My sister told my mom what had been going on, that private parts had not been so private. She told my mom about our little game we called doctor, our dirty secret that would make us hated forever. My mom turned to my brother and asked him if it was true, he said no. She then turned to me asking me the same question. I followed Mitchels lead saying no, implying that Lyndsey (my sister) had lied.
Looking back at my sister, my mother angrily told my sister never to say anything like that again. She then told my sister she would need to go to her room when she got home because now she was grounded.
This memory and the fear it caused stayed forever etched in my mind. It played behind the scenes in many of my choices, worst of all it told me that it was wrong to tell. I was sure that if I ever spoke about this secret I would be kicked out of the house for good. It was my dirty little secret that I was forbidden to share.
My uncles beat up jeep continued on down the road coming out of the mountains into the city. The outer edges of the city consisted of dilapidated buildings, run down shacks and squatters homes which appeared to be a mixture of metal, cloth and some wood made into a shelters.
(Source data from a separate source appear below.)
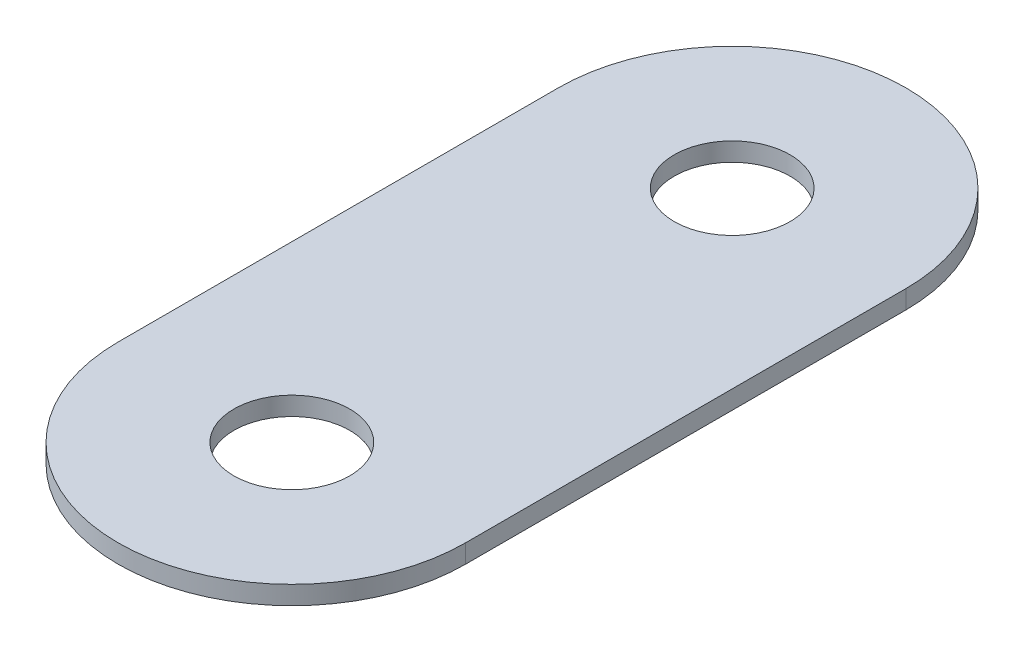
ISO-10303-21;
HEADER;
FILE_DESCRIPTION(('STEP AP214'),'2;1');
FILE_NAME('part.step','',(''),(''),'','','');
FILE_SCHEMA(('AUTOMOTIVE_DESIGN { 1 0 10303 214 1 1 1 1 }'));
ENDSEC;
DATA;
#1=APPLICATION_CONTEXT('core data for automotive mechanical design processes');
#2=APPLICATION_PROTOCOL_DEFINITION('international standard','automotive_design',2000,#1);
#3=PRODUCT_CONTEXT('',#1,'mechanical');
#4=PRODUCT('Part','Part','',(#3));
#5=PRODUCT_RELATED_PRODUCT_CATEGORY('part','',(#4));
#6=PRODUCT_DEFINITION_FORMATION('','',#4);
#7=PRODUCT_DEFINITION_CONTEXT('part definition',#1,'design');
#8=PRODUCT_DEFINITION('design','',#6,#7);
#9=PRODUCT_DEFINITION_SHAPE('','',#8);
#10=(LENGTH_UNIT() NAMED_UNIT(*) SI_UNIT(.MILLI.,.METRE.));
#11=(NAMED_UNIT(*) PLANE_ANGLE_UNIT() SI_UNIT($,.RADIAN.));
#12=(NAMED_UNIT(*) SI_UNIT($,.STERADIAN.) SOLID_ANGLE_UNIT());
#13=UNCERTAINTY_MEASURE_WITH_UNIT(LENGTH_MEASURE(1.E-05),#10,'distance_accuracy_value','');
#14=(GEOMETRIC_REPRESENTATION_CONTEXT(3) GLOBAL_UNCERTAINTY_ASSIGNED_CONTEXT((#13)) GLOBAL_UNIT_ASSIGNED_CONTEXT((#10,
#11,#12)) REPRESENTATION_CONTEXT('',''));
#15=CARTESIAN_POINT('',(0.,0.,0.));
#16=DIRECTION('',(0.,0.,1.));
#17=DIRECTION('',(1.,0.,0.));
#18=AXIS2_PLACEMENT_3D('',#15,#16,#17);
#19=CARTESIAN_POINT('',(0.,0.8,-19.));
#20=DIRECTION('',(0.,-1.,0.));
#21=DIRECTION('',(0.,0.,-1.));
#22=AXIS2_PLACEMENT_3D('',#19,#20,#21);
#23=CYLINDRICAL_SURFACE('',#22,15.);
#24=CARTESIAN_POINT('',(0.,-0.8,-19.));
#25=DIRECTION('',(0.,1.,0.));
#26=DIRECTION('',(0.,0.,1.));
#27=AXIS2_PLACEMENT_3D('',#24,#25,#26);
#28=CIRCLE('',#27,15.);
#29=CARTESIAN_POINT('',(15.,-0.8,-19.));
#30=VERTEX_POINT('',#29);
#31=CARTESIAN_POINT('',(-15.,-0.8,-19.));
#32=VERTEX_POINT('',#31);
#33=EDGE_CURVE('E126',#30,#32,#28,.T.);
#34=ORIENTED_EDGE('',*,*,#33,.T.);
#35=DIRECTION('',(0.,-1.,0.));
#36=VECTOR('',#35,1.);
#37=CARTESIAN_POINT('',(-15.,0.8,-19.));
#38=LINE('',#37,#36);
#39=CARTESIAN_POINT('',(-15.,0.8,-19.));
#40=VERTEX_POINT('',#39);
#41=EDGE_CURVE('E13',#40,#32,#38,.T.);
#42=ORIENTED_EDGE('',*,*,#41,.F.);
#43=CARTESIAN_POINT('',(0.,0.8,-19.));
#44=DIRECTION('',(0.,1.,0.));
#45=DIRECTION('',(0.,0.,1.));
#46=AXIS2_PLACEMENT_3D('',#43,#44,#45);
#47=CIRCLE('',#46,15.);
#48=CARTESIAN_POINT('',(15.,0.8,-19.));
#49=VERTEX_POINT('',#48);
#50=EDGE_CURVE('E109',#49,#40,#47,.T.);
#51=ORIENTED_EDGE('',*,*,#50,.F.);
#52=DIRECTION('',(0.,-1.,0.));
#53=VECTOR('',#52,1.);
#54=CARTESIAN_POINT('',(15.,0.8,-19.));
#55=LINE('',#54,#53);
#56=EDGE_CURVE('E122',#49,#30,#55,.T.);
#57=ORIENTED_EDGE('',*,*,#56,.T.);
#58=EDGE_LOOP('',(#34,#42,#51,#57));
#59=FACE_BOUND('',#58,.T.);
#60=ADVANCED_FACE('F57',(#59),#23,.T.);
#61=CARTESIAN_POINT('',(-15.,0.8,-19.));
#62=DIRECTION('',(1.,0.,0.));
#63=DIRECTION('',(0.,0.,-1.));
#64=AXIS2_PLACEMENT_3D('',#61,#62,#63);
#65=PLANE('',#64);
#66=DIRECTION('',(0.,0.,1.));
#67=VECTOR('',#66,1.);
#68=CARTESIAN_POINT('',(-15.,-0.8,-19.));
#69=LINE('',#68,#67);
#70=CARTESIAN_POINT('',(-15.,-0.8,19.));
#71=VERTEX_POINT('',#70);
#72=EDGE_CURVE('E114',#32,#71,#69,.T.);
#73=ORIENTED_EDGE('',*,*,#72,.T.);
#74=DIRECTION('',(0.,-1.,0.));
#75=VECTOR('',#74,1.);
#76=CARTESIAN_POINT('',(-15.,0.8,19.));
#77=LINE('',#76,#75);
#78=CARTESIAN_POINT('',(-15.,0.8,19.));
#79=VERTEX_POINT('',#78);
#80=EDGE_CURVE('E66',#79,#71,#77,.T.);
#81=ORIENTED_EDGE('',*,*,#80,.F.);
#82=DIRECTION('',(0.,0.,1.));
#83=VECTOR('',#82,1.);
#84=CARTESIAN_POINT('',(-15.,0.8,-19.));
#85=LINE('',#84,#83);
#86=EDGE_CURVE('E104',#40,#79,#85,.T.);
#87=ORIENTED_EDGE('',*,*,#86,.F.);
#88=ORIENTED_EDGE('',*,*,#41,.T.);
#89=EDGE_LOOP('',(#73,#81,#87,#88));
#90=FACE_BOUND('',#89,.T.);
#91=ADVANCED_FACE('F113',(#90),#65,.F.);
#92=CARTESIAN_POINT('',(0.,0.8,19.));
#93=DIRECTION('',(0.,-1.,0.));
#94=DIRECTION('',(0.,0.,-1.));
#95=AXIS2_PLACEMENT_3D('',#92,#93,#94);
#96=CYLINDRICAL_SURFACE('',#95,15.);
#97=CARTESIAN_POINT('',(0.,-0.8,19.));
#98=DIRECTION('',(0.,1.,0.));
#99=DIRECTION('',(0.,0.,1.));
#100=AXIS2_PLACEMENT_3D('',#97,#98,#99);
#101=CIRCLE('',#100,15.);
#102=CARTESIAN_POINT('',(15.,-0.8,19.));
#103=VERTEX_POINT('',#102);
#104=EDGE_CURVE('E91',#71,#103,#101,.T.);
#105=ORIENTED_EDGE('',*,*,#104,.T.);
#106=DIRECTION('',(0.,-1.,0.));
#107=VECTOR('',#106,1.);
#108=CARTESIAN_POINT('',(15.,0.8,19.));
#109=LINE('',#108,#107);
#110=CARTESIAN_POINT('',(15.,0.8,19.));
#111=VERTEX_POINT('',#110);
#112=EDGE_CURVE('E116',#111,#103,#109,.T.);
#113=ORIENTED_EDGE('',*,*,#112,.F.);
#114=CARTESIAN_POINT('',(0.,0.8,19.));
#115=DIRECTION('',(0.,1.,0.));
#116=DIRECTION('',(0.,0.,1.));
#117=AXIS2_PLACEMENT_3D('',#114,#115,#116);
#118=CIRCLE('',#117,15.);
#119=EDGE_CURVE('E107',#79,#111,#118,.T.);
#120=ORIENTED_EDGE('',*,*,#119,.F.);
#121=ORIENTED_EDGE('',*,*,#80,.T.);
#122=EDGE_LOOP('',(#105,#113,#120,#121));
#123=FACE_BOUND('',#122,.T.);
#124=ADVANCED_FACE('F117',(#123),#96,.T.);
#125=CARTESIAN_POINT('',(15.,0.8,-19.));
#126=DIRECTION('',(-1.,0.,0.));
#127=DIRECTION('',(0.,0.,1.));
#128=AXIS2_PLACEMENT_3D('',#125,#126,#127);
#129=PLANE('',#128);
#130=DIRECTION('',(0.,0.,-1.));
#131=VECTOR('',#130,1.);
#132=CARTESIAN_POINT('',(15.,-0.8,-19.));
#133=LINE('',#132,#131);
#134=EDGE_CURVE('E97',#103,#30,#133,.T.);
#135=ORIENTED_EDGE('',*,*,#134,.T.);
#136=ORIENTED_EDGE('',*,*,#56,.F.);
#137=DIRECTION('',(0.,0.,-1.));
#138=VECTOR('',#137,1.);
#139=CARTESIAN_POINT('',(15.,0.8,-19.));
#140=LINE('',#139,#138);
#141=EDGE_CURVE('E74',#111,#49,#140,.T.);
#142=ORIENTED_EDGE('',*,*,#141,.F.);
#143=ORIENTED_EDGE('',*,*,#112,.T.);
#144=EDGE_LOOP('',(#135,#136,#142,#143));
#145=FACE_BOUND('',#144,.T.);
#146=ADVANCED_FACE('F141',(#145),#129,.F.);
#147=CARTESIAN_POINT('',(0.,0.8,-19.));
#148=DIRECTION('',(0.,1.,0.));
#149=DIRECTION('',(0.,0.,1.));
#150=AXIS2_PLACEMENT_3D('',#147,#148,#149);
#151=PLANE('',#150);
#152=CARTESIAN_POINT('',(0.,0.8,-19.));
#153=DIRECTION('',(0.,1.,0.));
#154=DIRECTION('',(0.,0.,1.));
#155=AXIS2_PLACEMENT_3D('',#152,#153,#154);
#156=CIRCLE('',#155,5.);
#157=CARTESIAN_POINT('',(0.,0.8,-14.));
#158=VERTEX_POINT('',#157);
#159=EDGE_CURVE('E153',#158,#158,#156,.T.);
#160=ORIENTED_EDGE('',*,*,#159,.F.);
#161=EDGE_LOOP('',(#160));
#162=FACE_BOUND('',#161,.T.);
#163=CARTESIAN_POINT('',(0.,0.8,19.));
#164=DIRECTION('',(0.,1.,0.));
#165=DIRECTION('',(0.,0.,1.));
#166=AXIS2_PLACEMENT_3D('',#163,#164,#165);
#167=CIRCLE('',#166,5.);
#168=CARTESIAN_POINT('',(0.,0.8,24.));
#169=VERTEX_POINT('',#168);
#170=EDGE_CURVE('E149',#169,#169,#167,.T.);
#171=ORIENTED_EDGE('',*,*,#170,.F.);
#172=EDGE_LOOP('',(#171));
#173=FACE_BOUND('',#172,.T.);
#174=ORIENTED_EDGE('',*,*,#50,.T.);
#175=ORIENTED_EDGE('',*,*,#86,.T.);
#176=ORIENTED_EDGE('',*,*,#119,.T.);
#177=ORIENTED_EDGE('',*,*,#141,.T.);
#178=EDGE_LOOP('',(#174,#175,#176,#177));
#179=FACE_BOUND('',#178,.T.);
#180=ADVANCED_FACE('F105',(#162,#173,#179),#151,.T.);
#181=CARTESIAN_POINT('',(0.,-0.8,-19.));
#182=DIRECTION('',(0.,1.,0.));
#183=DIRECTION('',(0.,0.,1.));
#184=AXIS2_PLACEMENT_3D('',#181,#182,#183);
#185=PLANE('',#184);
#186=CARTESIAN_POINT('',(0.,-0.8,-19.));
#187=DIRECTION('',(0.,1.,0.));
#188=DIRECTION('',(0.,0.,1.));
#189=AXIS2_PLACEMENT_3D('',#186,#187,#188);
#190=CIRCLE('',#189,5.);
#191=CARTESIAN_POINT('',(0.,-0.8,-14.));
#192=VERTEX_POINT('',#191);
#193=EDGE_CURVE('E130',#192,#192,#190,.T.);
#194=ORIENTED_EDGE('',*,*,#193,.T.);
#195=EDGE_LOOP('',(#194));
#196=FACE_BOUND('',#195,.T.);
#197=CARTESIAN_POINT('',(0.,-0.8,19.));
#198=DIRECTION('',(0.,1.,0.));
#199=DIRECTION('',(0.,0.,1.));
#200=AXIS2_PLACEMENT_3D('',#197,#198,#199);
#201=CIRCLE('',#200,5.);
#202=CARTESIAN_POINT('',(0.,-0.8,24.));
#203=VERTEX_POINT('',#202);
#204=EDGE_CURVE('E154',#203,#203,#201,.T.);
#205=ORIENTED_EDGE('',*,*,#204,.T.);
#206=EDGE_LOOP('',(#205));
#207=FACE_BOUND('',#206,.T.);
#208=ORIENTED_EDGE('',*,*,#33,.F.);
#209=ORIENTED_EDGE('',*,*,#134,.F.);
#210=ORIENTED_EDGE('',*,*,#104,.F.);
#211=ORIENTED_EDGE('',*,*,#72,.F.);
#212=EDGE_LOOP('',(#208,#209,#210,#211));
#213=FACE_BOUND('',#212,.T.);
#214=ADVANCED_FACE('F144',(#196,#207,#213),#185,.F.);
#215=CARTESIAN_POINT('',(0.,-0.8,19.));
#216=DIRECTION('',(0.,1.,0.));
#217=DIRECTION('',(0.,0.,1.));
#218=AXIS2_PLACEMENT_3D('',#215,#216,#217);
#219=CYLINDRICAL_SURFACE('',#218,5.);
#220=ORIENTED_EDGE('',*,*,#204,.F.);
#221=EDGE_LOOP('',(#220));
#222=FACE_BOUND('',#221,.T.);
#223=ORIENTED_EDGE('',*,*,#170,.T.);
#224=EDGE_LOOP('',(#223));
#225=FACE_BOUND('',#224,.T.);
#226=ADVANCED_FACE('F173',(#222,#225),#219,.F.);
#227=CARTESIAN_POINT('',(0.,-0.8,-19.));
#228=DIRECTION('',(0.,1.,0.));
#229=DIRECTION('',(0.,0.,1.));
#230=AXIS2_PLACEMENT_3D('',#227,#228,#229);
#231=CYLINDRICAL_SURFACE('',#230,5.);
#232=ORIENTED_EDGE('',*,*,#193,.F.);
#233=EDGE_LOOP('',(#232));
#234=FACE_BOUND('',#233,.T.);
#235=ORIENTED_EDGE('',*,*,#159,.T.);
#236=EDGE_LOOP('',(#235));
#237=FACE_BOUND('',#236,.T.);
#238=ADVANCED_FACE('F166',(#234,#237),#231,.F.);
#239=CLOSED_SHELL('',(#60,#91,#124,#146,#180,#214,#226,#238));
#240=MANIFOLD_SOLID_BREP('B2',#239);
#241=ADVANCED_BREP_SHAPE_REPRESENTATION('',(#18,#240),#14);
#242=SHAPE_DEFINITION_REPRESENTATION(#9,#241);
ENDSEC;
END-ISO-10303-21;

The conversation continued on, I felt as if I was having my first therapy session to deal with things that have torn me apart most my life.
I was now thirty years old. Most my life I had been living in a cycle that was very repetitive and self destructive. I believed that my feelings and the way I reacted to certain situations was something I had to deal with alone. Worst of all I had believed that the way I felt was wrong, always living with regret and guilt. If others knew they would call me dirty, a slut or a whore. They would tell me I was nothing; say I was cheap, worthless. That’s how I felt, worthless.